Downloaded Jurisdiction Policy Files

Jurisdiction Policy Files for Domestic Market

US_export_policy.jar:
 default_domestic_US_export.policy 
local_policy.jar:
 default_domestic_local.policy 

These files for domestic users currently specify that all applications are unrestricted, that is, the applications can utilize any available cryptographic strengths they need.

Jurisdiction Policy Files for Global Market

US_export_policy.jar:
 default_global_US_export.policy 
local_policy.jar:
 default_global_local.policy
exempt_global_local.policy

As you can see, there are both "default" and "exempt" jurisdiction policy files.

The default files represent the default cryptographic strengths allowed for applications that are unsigned or that are signed but not by parties trusted by JCE. When JCE is running such applications, for each cryptography algorithm utilized, JCE determines and enforces the weaker of the cryptographic strengths specified in the two default files downloaded by the user.

If a default file for a given domain (US_export or local) specifies that applications are unrestricted, no corresponding exempt file is needed or supplied for that domain. (When applications are unrestricted the JAR files for domestic users do not currently contain any exempt policy files, and there is no exempt_global_US_export.policy.)

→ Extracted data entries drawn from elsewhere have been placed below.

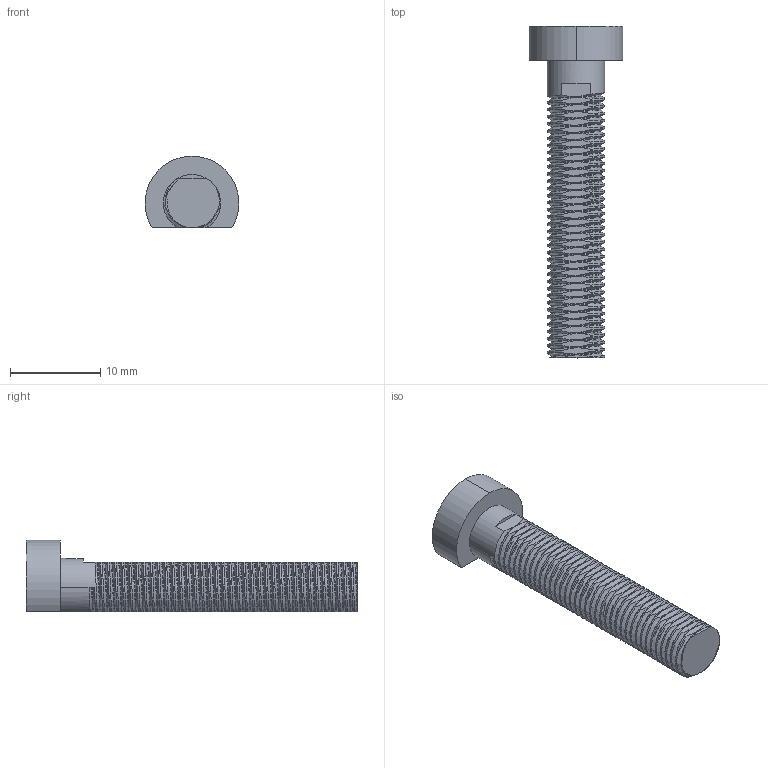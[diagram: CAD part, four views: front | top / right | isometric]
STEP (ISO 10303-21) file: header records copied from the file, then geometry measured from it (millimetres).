
FILE_DESCRIPTION (( 'STEP AP203' ), '1' );
FILE_NAME ('AF-WF-GS-PRT-009-STEP.STEP', '2020-07-21T20:13:53', ( '' ), ( '' ), 'SwSTEP 2.0', 'SolidWorks 2018', '' );
FILE_SCHEMA (( 'CONFIG_CONTROL_DESIGN' ));
Length unit declared in the file: inch
Products named in the file (1): AF-WF-GS-PRT-009-STEP
Bounding box: 10.39 x 36.83 x 7.95 mm (x, y, z)
Volume: 1156.9 mm3; surface area: 1180.9 mm2
Topology: 1 solids, 1 shells, 206 faces, 607 edges, 404 vertices
Faces by surface type: cylinder 119, plane 84, bspline 3
Entity records: 13126 total; most frequent: CARTESIAN_POINT 8531, ORIENTED_EDGE 1214, DIRECTION 652, EDGE_CURVE 607, VERTEX_POINT 404, AXIS2_PLACEMENT_3D 220, LINE 212, VECTOR 212
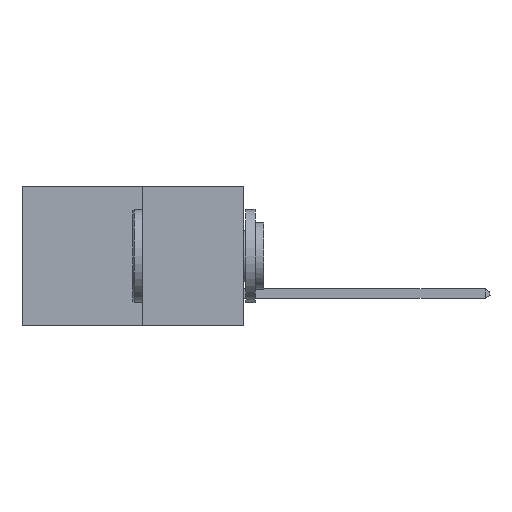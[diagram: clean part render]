
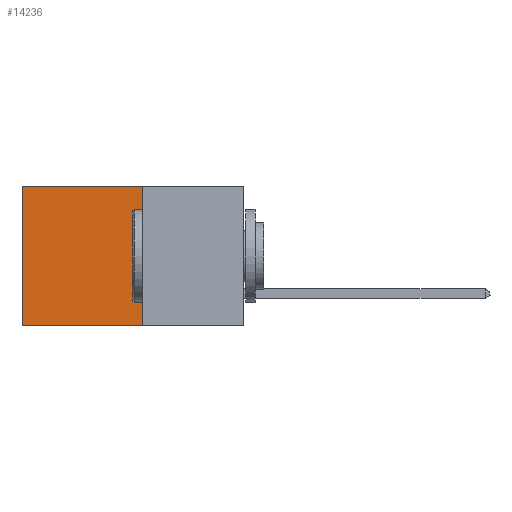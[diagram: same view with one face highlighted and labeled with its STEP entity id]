
A CAD part, left-side view. The second image highlights one B-rep face of the part: STEP entity #14236.
In plain terms, the highlighted planar face has unit normal (-1, 0, 0).
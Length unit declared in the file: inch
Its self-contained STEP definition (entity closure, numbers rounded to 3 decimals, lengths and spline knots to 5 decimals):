
#184 = ORIENTED_EDGE ( 'NONE', *, *, #18911, .F. ) ;
#1666 = DIRECTION ( 'NONE',  ( 1., 0., 0. ) ) ;
#2375 = DIRECTION ( 'NONE',  ( 0., 0., -1. ) ) ;
#5180 = CARTESIAN_POINT ( 'NONE',  ( 0.277, 0.27, 0. ) ) ;
#5530 = VERTEX_POINT ( 'NONE', #15683 ) ;
#5676 = VERTEX_POINT ( 'NONE', #12672 ) ;
#5714 = CARTESIAN_POINT ( 'NONE',  ( 0.277, 0.27, -0.37 ) ) ;
#6189 = AXIS2_PLACEMENT_3D ( 'NONE', #9992, #1666, #13346 ) ;
#6660 = CARTESIAN_POINT ( 'NONE',  ( 0.277, 0.59, -0.37 ) ) ;
#6953 = LINE ( 'NONE', #6660, #20104 ) ;
#7277 = CARTESIAN_POINT ( 'NONE',  ( 0.277, 0.27, 0. ) ) ;
#7393 = DIRECTION ( 'NONE',  ( 0., 1., 0. ) ) ;
#7839 = LINE ( 'NONE', #5714, #16138 ) ;
#7912 = EDGE_LOOP ( 'NONE', ( #18550, #11144, #184, #10680 ) ) ;
#8589 = EDGE_CURVE ( 'NONE', #18862, #13235, #11904, .T. ) ;
#9095 = CARTESIAN_POINT ( 'NONE',  ( 0.277, 0.59, 0. ) ) ;
#9474 = DIRECTION ( 'NONE',  ( 0., 0., -1. ) ) ;
#9992 = CARTESIAN_POINT ( 'NONE',  ( 0.277, 0.27, -0.37 ) ) ;
#10680 = ORIENTED_EDGE ( 'NONE', *, *, #8589, .T. ) ;
#11144 = ORIENTED_EDGE ( 'NONE', *, *, #16443, .F. ) ;
#11672 = PLANE ( 'NONE',  #6189 ) ;
#11904 = LINE ( 'NONE', #5180, #16281 ) ;
#12672 = CARTESIAN_POINT ( 'NONE',  ( 0.277, 0.59, -0.37 ) ) ;
#12956 = LINE ( 'NONE', #15701, #16810 ) ;
#13235 = VERTEX_POINT ( 'NONE', #9095 ) ;
#13346 = DIRECTION ( 'NONE',  ( 0., 0., -1. ) ) ;
#13627 = EDGE_CURVE ( 'NONE', #13235, #5676, #6953, .T. ) ;
#14236 = ADVANCED_FACE ( 'NONE', ( #21032 ), #11672, .F. ) ;
#15142 = DIRECTION ( 'NONE',  ( 0., 1., 0. ) ) ;
#15683 = CARTESIAN_POINT ( 'NONE',  ( 0.277, 0.27, -0.37 ) ) ;
#15701 = CARTESIAN_POINT ( 'NONE',  ( 0.277, 0.27, -0.37 ) ) ;
#16138 = VECTOR ( 'NONE', #7393, 39.37008 ) ;
#16281 = VECTOR ( 'NONE', #15142, 39.37008 ) ;
#16443 = EDGE_CURVE ( 'NONE', #5530, #5676, #7839, .T. ) ;
#16810 = VECTOR ( 'NONE', #2375, 39.37008 ) ;
#18550 = ORIENTED_EDGE ( 'NONE', *, *, #13627, .T. ) ;
#18862 = VERTEX_POINT ( 'NONE', #7277 ) ;
#18911 = EDGE_CURVE ( 'NONE', #18862, #5530, #12956, .T. ) ;
#20104 = VECTOR ( 'NONE', #9474, 39.37008 ) ;
#21032 = FACE_OUTER_BOUND ( 'NONE', #7912, .T. ) ;

Otherwise, an exempt file is required. The exempt file specifies the conditions under which "exempt applications" can have reduced cryptographic restrictions. Exempt policy files are consulted when an application is determined at run time to be potentially exempt from some or all cryptographic restrictions.

In order for an application to be recognized as "exempt" at run time, it must have a policy file bundled with it in a JAR file. The policy file specifies what cryptography-related permissions of the application, and the conditions (if any) for those permissions.